_YOUR GOAL:_ Look through the data below. Collect every line where the word "Designer" occurs.

Collected data entries:
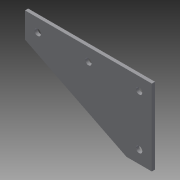
# Autodesk Inventor part: CatapultGussetPlate
Saved by Autodesk Inventor 2013 (Build 170138000, 138)
## iProperties
Created: 2014-01-18
Part Number: CatapultGussetPlate
Material: Generic
Document SubType Name: Modeling
Designer: 215152
Density: 1 g/cm^3
Author: 215152
Autodesk Inventor part; units mm, degrees
ref_plane "YZ Plane" through (0, 0, 0) normal (1, 0, 0) x (0, 1, 0)
ref_plane "XZ Plane" through (0, 0, 0) normal (0, 1, 0) x (-1, 0, 0)
ref_plane "Work Plane1" through (0, 0, 0) normal (0, 0, 1) x (1, 0, 0)
sketch "Sketch1" plane through (0, 0, 0) normal (0, 0, 1) x (1, 0, 0)
  line L0 (0, 0) -> (673.1, 0)
  line L1 (673.1, 0) -> (673.1, -25.4)
  line L2 (673.1, -25.4) -> (0, -25.4)
  line L3 (0, -25.4) -> (0, 0)
  line L4 (673.1, 0) -> (419.1, 0)
  line L5 (419.1, 0) -> (419.1, -25.4)
  line L6 (419.1, -25.4) -> (673.1, -25.4)
  line L7 (673.1, -25.4) -> (673.1, 0)
  line L8 (419.1, 0) -> (393.7, 0)
  line L9 (393.7, -127) -> (419.1, -127)
  line L10 (419.1, -127) -> (419.1, 0)
  line L11 (419.1, 0) -> (292.1, 0)
  line L12 (292.1, 0) -> (292.1, -25.4)
  line L13 (419.1, -25.4) -> (419.1, 0)
  line L14 (393.7, -127) -> (292.1, -25.4)
  line L15 (292.1, -12.7) -> (304.8, -12.7) construction
  line L16 (406.4, -12.7) -> (457.2, -12.7) construction
  circle A0 centre (406.4, -12.7) radius 3.175
  circle A1 centre (406.4, -63.5) radius 3.175
  circle A2 centre (406.4, -114.3) radius 3.175
  circle A3 centre (304.8, -12.7) radius 3.175
  line L17 (406.4, -12.7) -> (457.2, -12.7) construction
  circle A4 centre (355.6, -12.7) radius 3.175
  dimension "d0" = 673.1
  dimension "d1" = 25.4
  dimension "d2" = 254
  dimension "d3" = 25.4
  dimension "d4" = 25.4
  dimension "d5" = 127
  dimension "d6" = 127
  dimension "d7" = 25.4
  dimension "d14" = 6.35
  dimension "d15" = 6.35
  dimension "d16" = 6.35
  dimension "d17" = 6.35
  dimension "d20" = 6.35
  constraints: 36 end point, 7 horizontal, 6 parallel, 5 centre point, 3 perpendicular, 2 coincident, 1 midpoint
  measures "d0" distance of L1.end L2.end
  measures "d1" distance of L0.end L1.end
  measures "d2" distance of L6.end L5.end
  measures "d3" distance of L5.end L4.end
  measures "d4" distance of L9.end L9.start
  measures "d5" distance of L9.start L8.end
  measures "d6" distance of L13.start L12.end
  measures "d7" distance of L12.end L11.end
  measures "d14" diameter of A0
  measures "d15" diameter of A1
  measures "d16" diameter of A2
  measures "d17" diameter of A3
  measures "d20" diameter of A4
extrude "Extrusion1" add sketch "Sketch1" along normal blind 3.175 contours L0 L5 L2 L12 | L2 L10 L9 L14
sketch "Sketch2" plane through (0, 0, 3.175) normal (0, 0, 1) x (1, 0, 0)
  circle A0 centre (406.4, -114.3) radius 3.175 projected
  line L0 (419.1, 0) -> (292.1, 0) projected
  line L1 (292.1, 0) -> (292.1, -25.4) projected
  line L2 (292.1, -25.4) -> (393.7, -127) projected
  line L3 (393.7, -127) -> (419.1, -127) projected
  line L4 (419.1, -127) -> (419.1, 0) projected
  line L5 (419.1, 0) -> (393.7, 0)
  line L6 (393.7, 0) -> (393.7, -76.2)
  line L7 (393.7, -76.2) -> (419.1, -76.2)
  line L8 (419.1, -76.2) -> (419.1, 0)
  line L9 (393.7, -76.2) -> (292.1, -25.4)
  point P0 (0, 0)
  dimension "d23" = 25.4
  dimension "d24" = 76.2
  constraints: 10 end point, 2 parallel, 1 horizontal, 1 perpendicular
  measures "d23" distance of L7.end L6.end
  measures "d24" distance of L6.end L5.end
extrude "Extrusion2" cut sketch "Sketch2" against normal blind 25.4 contours L4 L3 L2 L9 L7
body "Solid1"
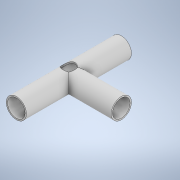
# Autodesk Inventor part: bar elbow
Saved by Autodesk Inventor 2021 (Build 250183000, 183)
## iProperties
Created: 2020-07-11
Part Number: bar elbow
Material: Generic
Document SubType Name: Modeling
Designer: Shannon
Density: 1 g/cm^3
Appearance: Default
Author: Shannon
Autodesk Inventor part; units mm, degrees
ref_plane "XY Plane" through (0, 0, 0) normal (0, 0, 1) x (1, 0, 0)
sketch "Sketch1" plane through (0, 0, 0) normal (0, 0, 1) x (1, 0, 0)
  circle A0 centre (0, 0) radius 7.366
  dimension "d0" = 14.732
  constraints: 1 centre point, 1 coincident
  measures "d0" diameter of A0
extrude "Extrusion1" add sketch "Sketch1" along normal blind 76.2
sketch "Sketch2" plane through (0, 0, 76.2) normal (0, 0, 1) x (1, 0, 0)
  circle A0 centre (0, 0) radius 7.366 projected
  circle A1 centre (0, 0) radius 6.35
  dimension "d3" = 12.7
  constraints: 1 centre point, 1 coincident
  measures "d3" diameter of A1
extrude "Extrusion2" cut sketch "Sketch2" against normal blind 76.2 contours A1
ref_plane "Work Plane1" through (38.1, 0, 0) normal (1, 0, 0) x (0, 1, 0)
sketch "Sketch3" plane through (38.1, 0, 0) normal (1, 0, 0) x (0, 1, 0)
  circle A0 centre (0, 38.1) radius 7.366
  line L0 (7.366, 76.2) -> (-7.366, 76.2) projected
  point P0 (0, 0)
  dimension "d7" = 14.732
  dimension "d8" = 38.1
  constraints: 1 centre point
  measures "d7" diameter of A0
  measures "d8" distance from line of L0 A0.centre
extrude "Extrusion3" add sketch "Sketch3" against normal up to surface round surface about axis through (0, 0, 0) along (0, 0, 1) radius 7.366 far side no
sketch "Sketch4" plane through (38.1, 0, 38.1) normal (1, 0, 0) x (0, 0, -1)
  circle A0 centre (0, 0) radius 6.35
  point P0 (38.1, 0)
  dimension "d11" = 12.7
  constraints: 1 centre point
  measures "d11" diameter of A0
extrude "Extrusion4" cut sketch "Sketch4" against normal up to surface round surface about axis through (0, 0, 0) along (0, 0, 1) radius 7.366 far side no
ref_plane "Work Plane2" through (0, 7.366, 0) normal (0, 1, 0) x (-1, 0, 0)
sketch "Sketch5" plane through (0, 7.366, 0) normal (0, 1, 0) x (-1, 0, 0)
  circle A0 centre (0, 38.1) radius 4.4608
  point P0 (0, 0)
  dimension "d14" = 38.1
  constraints: 1 centre point
  measures "d14" distance of A0.centre point (0, 0)
extrude "Extrusion5" cut sketch "Sketch5" against normal through all
body "Solid1"
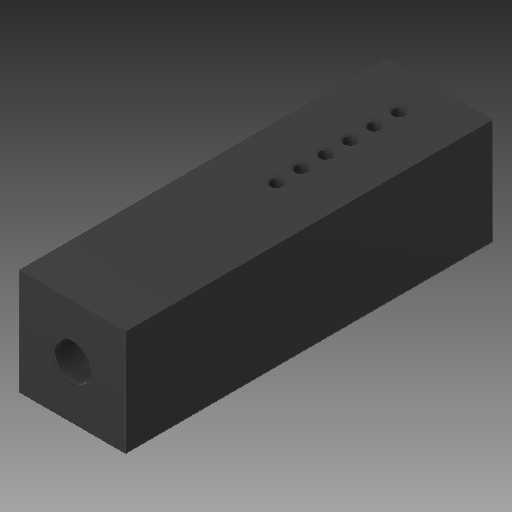
# Autodesk Inventor part: male_long_part2_9_2018
Saved by Autodesk Inventor 2019 (Build 230136000, 136)
## iProperties
Created: 2018-09-06
Part Number: male_long_part2_9_2018
Material: Acetal Resin, Black
Document SubType Name: Sheet Metal
Designer: FiolkaLab
Density: 1.425 g/cm^3
Sheet Metal Rule: Default_mm
Appearance: Smooth - Black
Author: FiolkaLab
Autodesk Inventor part; units mm, degrees
ref_plane "YZ Plane" through (0, 0, 0) normal (1, 0, 0) x (0, 1, 0)
ref_plane "XZ Plane" through (0, 0, 0) normal (0, 1, 0) x (-1, 0, 0)
ref_plane "XY Plane" through (0, 0, 0) normal (0, 0, 1) x (1, 0, 0)
sketch "Sketch1" plane through (0, 0, 0) normal (0, 0, 1) x (1, 0, 0)
  line L0 (0, 0) -> (13, 0)
  line L1 (13, 0) -> (13, 13)
  line L2 (13, 13) -> (0, 13)
  line L3 (0, 13) -> (0, 0)
  dimension "d0" = 13
  dimension "d1" = 13
  constraints: 8 end point, 2 parallel, 1 horizontal, 1 perpendicular
  measures "d0" distance of L2.end L1.end
  measures "d1" distance of L1.end L0.end
extrude "Extrusion1" add sketch "Sketch1" along normal blind 45
sketch "Sketch2" plane through (0, 0, 0) normal (0, 0, -1) x (-1, 0, 0)
  circle A0 centre (-6.5, 6.5) radius 3.75
  line L0 (0, 13) -> (0, 0) projected
  line L1 (0, 0) -> (-13, 0) projected
  dimension "d4" = 7.5
  dimension "d5" = 6.5
  dimension "d6" = 6.5
  constraints: 1 centre point
  measures "d4" diameter of A0
  measures "d5" distance from line of A0.centre L0
  measures "d6" distance from line of L1 A0.centre
hole "Hole1" at (6.5, 6.5, 0) direction (0, 0, 1) diameter 4.5 end through all counterbore diameter 7.5 counterbore depth 40.5
sketch "Sketch3" plane through (0, 0, 0) normal (0, -1, 0) x (1, 0, 0)
  circle A0 centre (6.5, 5) radius 1
  line L0 (13, 0) -> (13, 45) projected
  line L1 (0, 0) -> (13, 0) projected
  circle A1 centre (6.5, 8) radius 1
  circle A2 centre (6.5, 11) radius 1
  circle A3 centre (6.5, 14) radius 1
  circle A4 centre (6.5, 17) radius 1
  circle A5 centre (6.5, 20) radius 1
  dimension "d14" = 2
  dimension "d15" = 6.5
  dimension "d16" = 5
  dimension "d17" = 2
  dimension "d18" = 3
  dimension "d19" = 6.5
  dimension "d20" = 2
  dimension "d21" = 3
  dimension "d22" = 6.5
  dimension "d23" = 2
  dimension "d24" = 3
  dimension "d25" = 6.5
  dimension "d26" = 2
  dimension "d27" = 3
  dimension "d28" = 2
  dimension "d29" = 3
  dimension "d30" = 6.5
  constraints: 6 centre point
  measures "d14" diameter of A0
  measures "d15" distance from line of A0.centre L0
  measures "d16" distance from line of L1 A0.centre
  measures "d17" diameter of A1
  measures "d18" distance of A0.centre A1.centre
  measures "d19" distance from line of L0 A1.centre
  measures "d20" diameter of A2
  measures "d21" distance of A1.centre A2.centre
  measures "d22" distance from line of L0 A2.centre
  measures "d23" diameter of A3
  measures "d24" distance of A2.centre A3.centre
  measures "d25" distance from line of L0 A3.centre
  measures "d26" diameter of A4
  measures "d27" distance of A3.centre A4.centre
  measures "d28" diameter of A5
  measures "d29" distance of A4.centre A5.centre
  measures "d30" distance from line of L0 A5.centre
hole "Hole2" at (6.5, 0, 5) at (6.5, 0, 8) at (6.5, 0, 11) at (6.5, 0, 14) at (6.5, 0, 17) at (6.5, 0, 20) direction (0, 1, 0) diameter 1.5 end through all
equation "\"d12\" = Thickness"
equation "\"d36\" = Thickness"
equation "\"BendRadius\" = Thickness"
equation "\"BendReliefWidth\" = Thickness"
equation "\"BendReliefDepth\" = 0.5 * Thickness"
equation "\"CornerReliefSize\" = 4 * Thickness"
equation "\"MinimumRemnant\" = 2 * Thickness"
equation "\"TransitionRadius\" = BendRadius"
equation "\"JacobiRadiusSize\" = BendRadius"
equation "\"GapSize\" = Thickness"
equation "\"Thickness\" = 0.5"
body "Solid1"
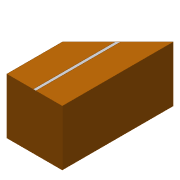
# Autodesk Inventor part: Highland_赤
Saved by Autodesk Inventor 2015 SP1 (Build 190203100, 203)
## iProperties
Created: 2015-08-24
Part Number: Highland_赤
Material: 一般
Document SubType Name: Modeling
Designer: nobuhiro
Density: 1 g/cm^3
Appearance: オレンジ
Author: nobuhiro
Autodesk Inventor part; units mm, degrees
ref_plane "YZ Plane" through (0, 0, 0) normal (1, 0, 0) x (0, 1, 0)
ref_plane "XZ Plane" through (0, 0, 0) normal (0, 1, 0) x (-1, 0, 0)
ref_plane "XY Plane" through (0, 0, 0) normal (0, 0, 1) x (1, 0, 0)
sketch "スケッチ1" plane through (0, 0, 0) normal (0, 0, 1) x (1, 0, 0)
  line L0 (-300, 0) -> (300, 0)
  line L1 (300, 0) -> (300, 600)
  line L2 (300, 600) -> (-300, 600)
  line L3 (-300, 600) -> (-300, 0)
  line L4 (-300, 600) -> (300, 1200)
  line L5 (300, 1200) -> (300, 600)
  point P0 (0, 0)
  point P1 (0, 0)
  dimension "d0" = 45
  dimension "d1" = 600
  dimension "d2" = 600
  constraints: 12 end point, 2 coincident, 2 parallel, 1 horizontal, 1 midpoint, 1 perpendicular, 1 vertical
  measures "d0" angle of L4 L2
  measures "d1" distance between parallel lines of L0 L2
  measures "d2" distance between parallel lines of L1 L3
extrude "押し出し1" add sketch "スケッチ1" along normal blind 600
sketch "スケッチ2" plane through (0, 0, 600) normal (0, 0, 1) x (1, 0, 0)
  line L0 (300, 1200) -> (-300, 600) projected
  line L1 (-300, 0) -> (300, 0) projected
  line L2 (-15, 0) -> (15, 0)
  line L3 (15, 0) -> (15, 915)
  line L4 (15, 915) -> (-15, 885)
  line L5 (-15, 885) -> (-15, 0)
  point P0 (0, 0)
  point P1 (0, 0)
  point P2 (0, 0)
  dimension "d5" = 30
  constraints: 8 end point, 3 point on line, 2 midpoint, 1 coincident, 1 horizontal, 1 parallel, 1 perpendicular
  measures "d5" distance between parallel lines of L3 L5
extrude "押し出し2" add sketch "スケッチ2" along normal blind 0.1

_WRITTEN REPLY:_
Designer: 215152
Designer: Shannon
Designer: FiolkaLab
Designer: nobuhiro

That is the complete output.